A former doctoral researcher working with Dr Stein, Dr Gloria Casas, analysed the carbohydrate composition of several ingredients – brown, and broken rice, full-fat rice bran, defatted rice bran, and rice mill feed – in a laboratory in Denmark. She also evaluated the digestibility of each ingredient by simulating the environments of the pig stomach, small intestine, and large intestine, including fermentability by gut microbes.

The ingredients varied widely in starch, cellulose, lignin, and fibre content, among other specific carbohydrate fractions, but for all ingredients, the primary carbohydrates were arabinoxylans.

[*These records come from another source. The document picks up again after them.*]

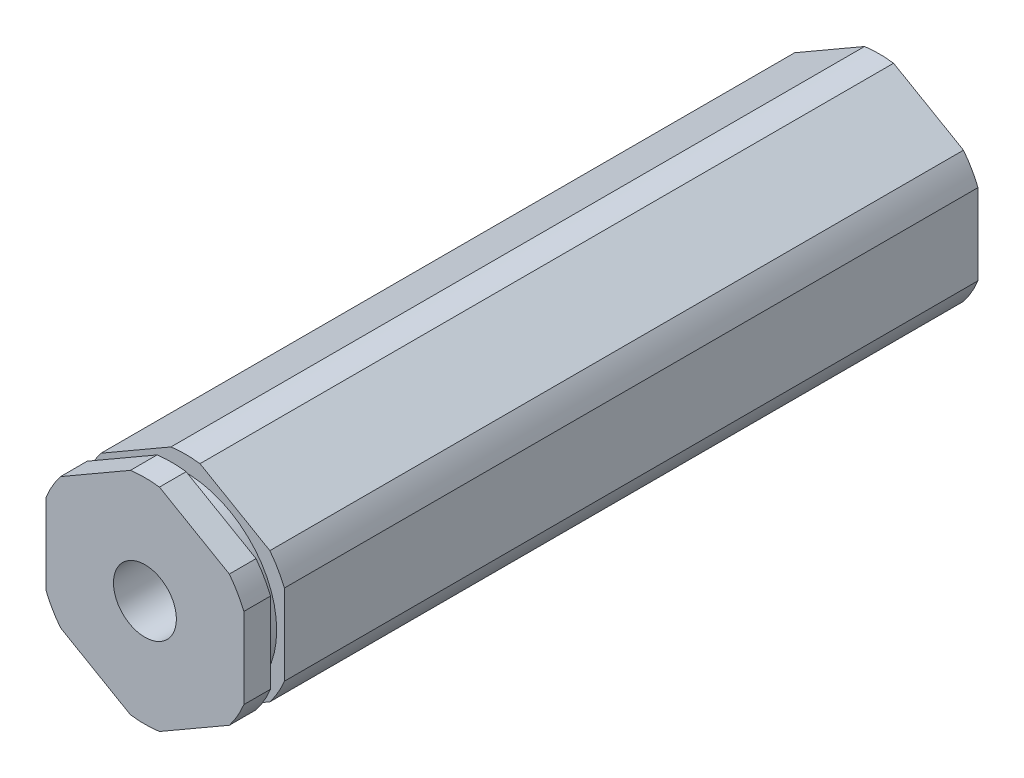
SolidWorks part; units mm, degrees
ref_plane "Front Plane" through (0, 0, 0) normal (0, 0, 1) x (1, 0, 0)
ref_plane "Top Plane" through (0, 0, 0) normal (0, 1, 0) x (1, 0, 0)
ref_plane "Right Plane" through (0, 0, 0) normal (1, 0, 0) x (0, 0, -1)
sketch "Sketch1" plane through (0, 0, 0) normal (0, 0, 1) x (1, 0, 0)
  line L1 (0, 7.3323) -> (-6.35, 3.6662)
  line L2 (-6.35, 3.6662) -> (-6.35, -3.6662)
  line L3 (-6.35, -3.6662) -> (0, -7.3323)
  line L4 (0, -7.3323) -> (6.35, -3.6662)
  line L5 (6.35, -3.6662) -> (6.35, 3.6662)
  line L6 (6.35, 3.6662) -> (0, 7.3323)
  circle A0 centre (0, 0) radius 6.35 construction
  circle A1 centre (0, 0) radius 6.858
  dimension "D1" = 12.7
  dimension "D2" = 13.716
extrude "Boss-Extrude1" add sketch "Sketch1" along normal mid plane 47.1297 contours L5 A1 L6 L1 L2 L3 L4 region at (0, 0, 0)
sketch "Sketch6" plane through (0, 0, 0) normal (0, 0, 1) x (1, 0, 0)
  line L0 (5.4183, 4.2041) -> (0.9317, 6.7944) construction
  circle A0 centre (0, 0) radius 6.35
hole_wizard "#10-32 Tapped Hole1" positions "3DSketch1" profile "Sketch2" tap size "#10-32" standard "ANSI Inch"
sketch3d "3DSketch1"
  line L0 (0, 0, 23.5648) -> (0, 0, -23.5648) construction
  line L1 (0, 0, 23.5648) -> (0, 0, -23.5648) construction
  point P0 (0, 0, 23.5648)
  point P4 (0, 0, -23.5648)
sketch "Sketch2" plane through (0, 0, 23.5648) normal (1, 0, 0) x (0, -1, 0)
  line L0 (0, 0) -> (0, 17.5608)
  line L1 (0, 17.5608) -> (2.0193, 16.3474)
  line L2 (2.0193, 16.3474) -> (2.0193, 0)
  line L5 (2.0193, 0) -> (0, 0)
  line L10 (0, 17.5608) -> (-2.0193, 16.3474) construction
  line L11 (0, -6.35) -> (0, 107.95) construction
  dimension "Tap Drill Dia." = 4.0386
  dimension "Tap Drill Depth" = 16.3474
  dimension "Drill Angle" = 118
cosmetic thread "Hole Thread1" parameters "D1"=13.97, "D2"=4.826
cosmetic thread "Hole Thread2" parameters "D1"=13.97, "D2"=4.826
sketch "Sketch5" plane through (0, 0, 0) normal (1, 0, 0) x (0, 0, -1)
  line L0 (23.5648, 6.858) -> (-23.5648, 6.858) construction
  line L1 (-21.8503, 6.858) -> (-20.9613, 6.858)
  line L2 (-21.8503, 6.858) -> (-21.8503, 5.8547)
  line L3 (-21.8503, 5.8547) -> (-20.9613, 5.8547)
  line L4 (-20.9613, 6.858) -> (-20.9613, 5.8547)
  line L5 (-165.0472, 0) -> (-158.8423, 0) construction
  dimension "D1" = 5.8547
  dimension "D2" = 0.889
  dimension "D3" = 1.7145
revolve "Cut-Revolve1" cut sketch "Sketch5" angle 360 about L5
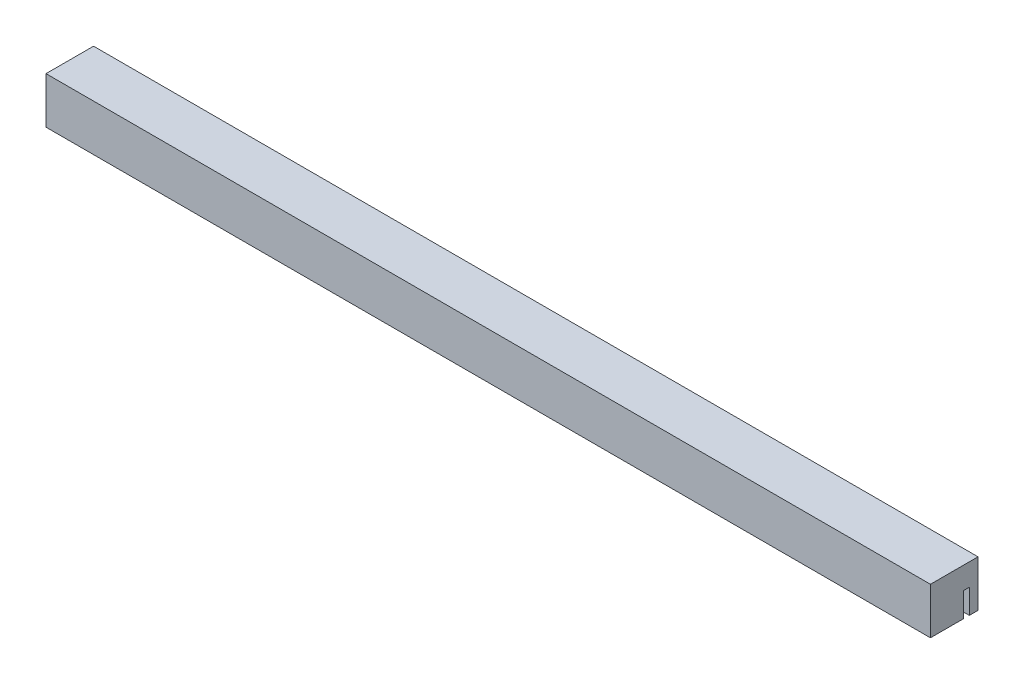
SolidWorks part; units mm, degrees
ref_plane "Front" through (0, 0, 0) normal (0, 0, 1) x (1, 0, 0)
ref_plane "Top" through (0, 0, 0) normal (0, 1, 0) x (1, 0, 0)
ref_plane "Right" through (0, 0, 0) normal (1, 0, 0) x (0, 0, -1)
ref_axis "Axis1" through (0, 0, 55) along (0, 0, -1)
sketch "Sketch1" plane through (0, 0, 0) normal (0, 0, 1) x (1, 0, 0)
  line L1 (-96.8375, 5.08) -> (96.8375, 5.08)
  line L2 (-96.8375, 5.08) -> (-96.8375, -5.08)
  line L3 (-96.8375, -5.08) -> (96.8375, -5.08)
  line L4 (96.8375, 5.08) -> (96.8375, -5.08)
  line L5 (-96.8375, 5.08) -> (96.8375, -5.08) construction
  line L6 (-96.8375, -5.08) -> (96.8375, 5.08) construction
  point P0 (0, 0)
  dimension "D1" = 193.675
  dimension "D2" = 10.16
extrude "Boss-Extrude1" add sketch "Sketch1" along normal blind 5.08
sketch "Sketch2" plane through (0, -5.08, 0) normal (0, -1, 0) x (1, 0, 0)
  line L0 (96.8375, 5.08) -> (96.8375, 0) construction
  line L1 (96.8375, 3.175) -> (-96.8375, 3.175)
  line L2 (96.8375, 3.175) -> (96.8375, 1.905)
  line L3 (96.8375, 1.905) -> (-96.8375, 1.905)
  line L4 (-96.8375, 3.175) -> (-96.8375, 1.905)
  line L5 (96.8375, 3.175) -> (-96.8375, 1.905) construction
  line L6 (96.8375, 1.905) -> (-96.8375, 3.175) construction
  line L7 (-96.8375, 5.08) -> (-96.8375, 0) construction
  point P4 (0, 2.54)
  dimension "D1" = 1.27
  dimension "D2" = 1.905
extrude "Cut-Extrude1" cut sketch "Sketch2" against normal blind 5.334
sketch "Sketch3" plane through (0, 0, 5.08) normal (0, 0, 1) x (1, 0, 0)
  line L4 (96.8375, -5.08) -> (96.8375, 5.08)
  line L5 (96.8375, 5.08) -> (-96.8375, 5.08)
  line L6 (-96.8375, 5.08) -> (-96.8375, -5.08)
  line L7 (-96.8375, -5.08) -> (96.8375, -5.08)
  line L8 (96.8375, -5.08) -> (96.8375, 5.08)
  line L9 (96.8375, 5.08) -> (-96.8375, 5.08)
  line L10 (-96.8375, 5.08) -> (-96.8375, -5.08)
  line L11 (-96.8375, -5.08) -> (96.8375, -5.08)
  dimension "D1" = 0
extrude "Boss-Extrude2" add sketch "Sketch3" along normal blind 5.334

“Arabinoxylans are relatively complex fibers that consist primarily of two sugars, arabinose and xylose, though there are many others in there, too,” Dr Stein said. “That is true for all the rice coproducts, but the ratio between arabinose and xylose differs among the ingredients. That ratio, to some degree, influences the functionality of the fibers.”

Simulated (in vitro) digestibility was higher in brown and broken rice than for all other coproducts, which Dr Stein and Dr Casas expected, given that full-fat rice bran, defatted bran, and rice mill feed were much higher in insoluble fibres. The results confirm earlier digestibility studies the researchers completed with the same ingredients in pigs.

Dr Stein notes the results don’t just apply to pigs.

“Humans consume rice and rice bran all over the world. Knowing the specific fibre composition of these products will allow us to figure out which gut microbes are affected,” he said. “In humans, one of the major problems in terms of nutrition in our part of the world is that we don’t get enough fibre. If we consume these fibres, how will they affect our gut microbes?”